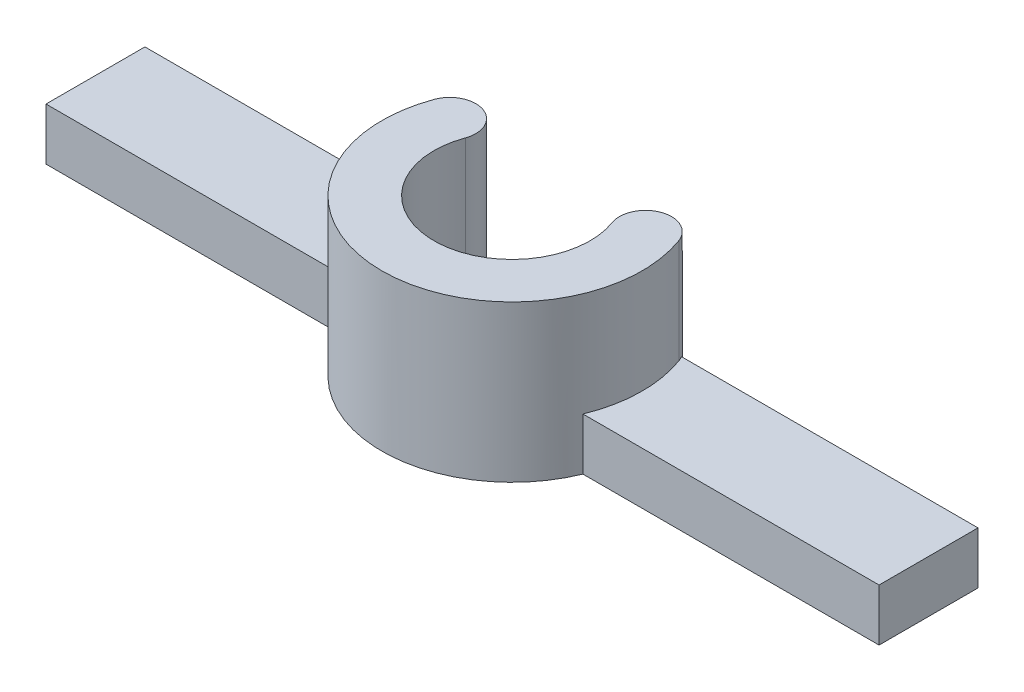
from build123d import *

# Parameters (mm, degrees)
BOSS_EXTRUDE1_DEPTH = 6
SKETCH2_W           = 11.5
SKETCH2_H           = 3.8
SKETCH2_H_2         = 1.9
BOSS_EXTRUDE2_DEPTH = 2


with BuildPart() as part:
    # Sketch1 → Boss-Extrude1 (new body)
    with BuildSketch(Plane(origin=(0, 0, 0), x_dir=(1, 0, 0), z_dir=(0, 1, 0))):
        with BuildLine():
            Line((5, 0), (3, 0))
            ThreePointArc((3, 0), (-0.520944533, -2.954423259), (-2.819077862, 1.02606043))
            ThreePointArc((-2.819077862, 1.02606043), (-3.41675034, 2.307773194), (-4.698463104, 1.710100717))
            ThreePointArc((-4.698463104, 1.710100717), (-0.868240888, -4.924038765), (5, 0))
        make_face()
        with BuildLine():
            ThreePointArc((2.819077862, 1.02606043), (2.954423259, 0.520944533), (3, 0))
            Line((3, 0), (5, 0))
            ThreePointArc((5, 0), (4.924038765, 0.868240888), (4.698463104, 1.710100717))
            Line((4.698463104, 1.710100717), (3.758770483, 1.368080573))
            Line((3.758770483, 1.368080573), (2.819077862, 1.02606043))
        make_face()
        with BuildLine():
            ThreePointArc((4.698463104, 1.710100717), (3.41675034, 2.307773194), (2.819077862, 1.02606043))
            Line((2.819077862, 1.02606043), (3.758770483, 1.368080573))
            Line((3.758770483, 1.368080573), (4.698463104, 1.710100717))
        make_face()
    extrude(amount=BOSS_EXTRUDE1_DEPTH)

    # Sketch2 → Boss-Extrude2 (add)
    with BuildSketch(Plane(origin=(0, 0, 0), x_dir=(1, 0, 0), z_dir=(0, 1, 0))):
        with Locations((-10.25, 0)):
            Rectangle(SKETCH2_W, SKETCH2_H)
        with Locations((10.25, -0.95)):
            Rectangle(SKETCH2_W, SKETCH2_H_2)
        with Locations((10.25, 0.95)):
            Rectangle(SKETCH2_W, SKETCH2_H_2)
    extrude(amount=BOSS_EXTRUDE2_DEPTH)


solid = part.part
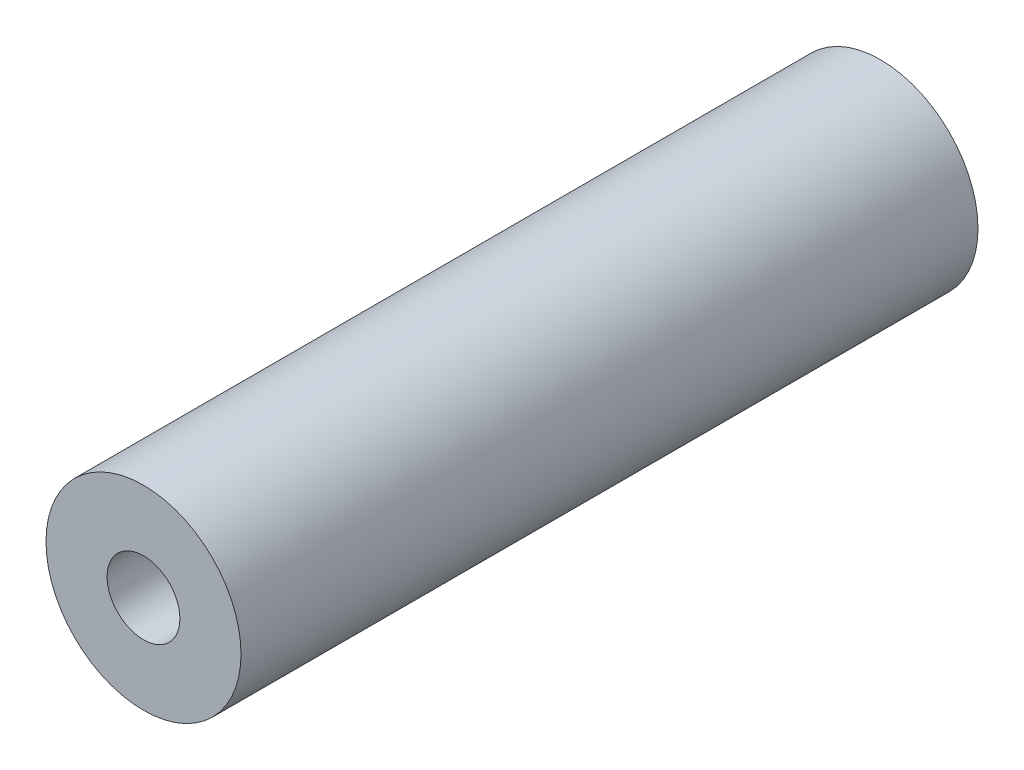
from build123d import *

# Parameters (mm, degrees)
SKETCH1_R             = 2.38125
BOSS_EXTRUDE1_DEPTH   = 18
F_2_56_TAPPED_HOLE1_D = 1.778


with BuildPart() as part:
    # Sketch1 → Boss-Extrude1 (new body)
    with BuildSketch(Plane.XY):
        Circle(SKETCH1_R)
    extrude(amount=BOSS_EXTRUDE1_DEPTH)

    # #2-56 Tapped Hole1 (through all)
    with Locations(Plane.XY.offset(18)):
        with Locations((0, 0)):
            Hole(F_2_56_TAPPED_HOLE1_D / 2)


solid = part.part
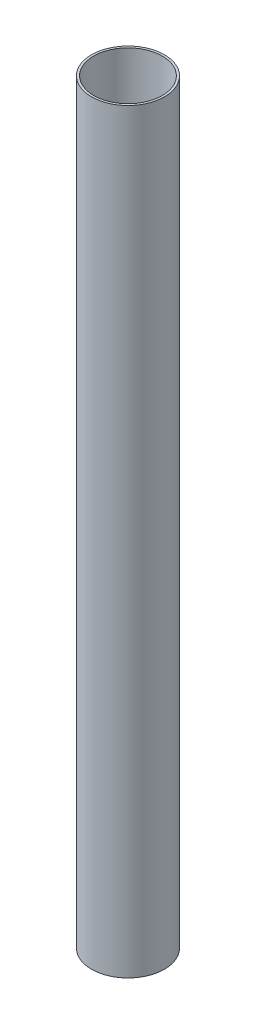
from build123d import *

# Parameters (mm, degrees)
SKETCH1_W = 3.175
SKETCH1_H = 1092.2


with BuildPart() as part:
    # Sketch1 → Revolve1 (revolve)
    with BuildSketch(Plane.XY, mode=Mode.PRIVATE) as revolve1_sk:
        with Locations((51.1175, 546.1)):
            Rectangle(SKETCH1_W, SKETCH1_H)
    revolve(revolve1_sk.sketch.rotate(Axis((0, 1146.81, 0), (0, -1, 0)), 90), axis=Axis((0, 1146.81, 0), (0, -1, 0)))


solid = part.part

Task requirements: The records are to be returned verbatim. Skip any picture they contain.

Written solution:
from build123d import *

# Parameters (mm, degrees)
BOSS_EXTRUDE1_DEPTH = 6
SKETCH2_W           = 11.5
SKETCH2_H           = 3.8
SKETCH2_H_2         = 1.9
BOSS_EXTRUDE2_DEPTH = 2


with BuildPart() as part:
    # Sketch1 → Boss-Extrude1 (new body)
    with BuildSketch(Plane(origin=(0, 0, 0), x_dir=(1, 0, 0), z_dir=(0, 1, 0))):
        with BuildLine():
            Line((5, 0), (3, 0))
            ThreePointArc((3, 0), (-0.520944533, -2.954423259), (-2.819077862, 1.02606043))
            ThreePointArc((-2.819077862, 1.02606043), (-3.41675034, 2.307773194), (-4.698463104, 1.710100717))
            ThreePointArc((-4.698463104, 1.710100717), (-0.868240888, -4.924038765), (5, 0))
        make_face()
        with BuildLine():
            ThreePointArc((2.819077862, 1.02606043), (2.954423259, 0.520944533), (3, 0))
            Line((3, 0), (5, 0))
            ThreePointArc((5, 0), (4.924038765, 0.868240888), (4.698463104, 1.710100717))
            Line((4.698463104, 1.710100717), (3.758770483, 1.368080573))
            Line((3.758770483, 1.368080573), (2.819077862, 1.02606043))
        make_face()
        with BuildLine():
            ThreePointArc((4.698463104, 1.710100717), (3.41675034, 2.307773194), (2.819077862, 1.02606043))
            Line((2.819077862, 1.02606043), (3.758770483, 1.368080573))
            Line((3.758770483, 1.368080573), (4.698463104, 1.710100717))
        make_face()
    extrude(amount=BOSS_EXTRUDE1_DEPTH)

    # Sketch2 → Boss-Extrude2 (add)
    with BuildSketch(Plane(origin=(0, 0, 0), x_dir=(1, 0, 0), z_dir=(0, 1, 0))):
        with Locations((-10.25, 0)):
            Rectangle(SKETCH2_W, SKETCH2_H)
        with Locations((10.25, -0.95)):
            Rectangle(SKETCH2_W, SKETCH2_H_2)
        with Locations((10.25, 0.95)):
            Rectangle(SKETCH2_W, SKETCH2_H_2)
    extrude(amount=BOSS_EXTRUDE2_DEPTH)


solid = part.part
from build123d import *

# Parameters (mm, degrees)
SKETCH1_R             = 2.38125
BOSS_EXTRUDE1_DEPTH   = 18
F_2_56_TAPPED_HOLE1_D = 1.778


with BuildPart() as part:
    # Sketch1 → Boss-Extrude1 (new body)
    with BuildSketch(Plane.XY):
        Circle(SKETCH1_R)
    extrude(amount=BOSS_EXTRUDE1_DEPTH)

    # #2-56 Tapped Hole1 (through all)
    with Locations(Plane.XY.offset(18)):
        with Locations((0, 0)):
            Hole(F_2_56_TAPPED_HOLE1_D / 2)


solid = part.part
from build123d import *

# Parameters (mm, degrees)
SKETCH1_W = 3.175
SKETCH1_H = 1092.2


with BuildPart() as part:
    # Sketch1 → Revolve1 (revolve)
    with BuildSketch(Plane.XY, mode=Mode.PRIVATE) as revolve1_sk:
        with Locations((51.1175, 546.1)):
            Rectangle(SKETCH1_W, SKETCH1_H)
    revolve(revolve1_sk.sketch.rotate(Axis((0, 1146.81, 0), (0, -1, 0)), 90), axis=Axis((0, 1146.81, 0), (0, -1, 0)))


solid = part.part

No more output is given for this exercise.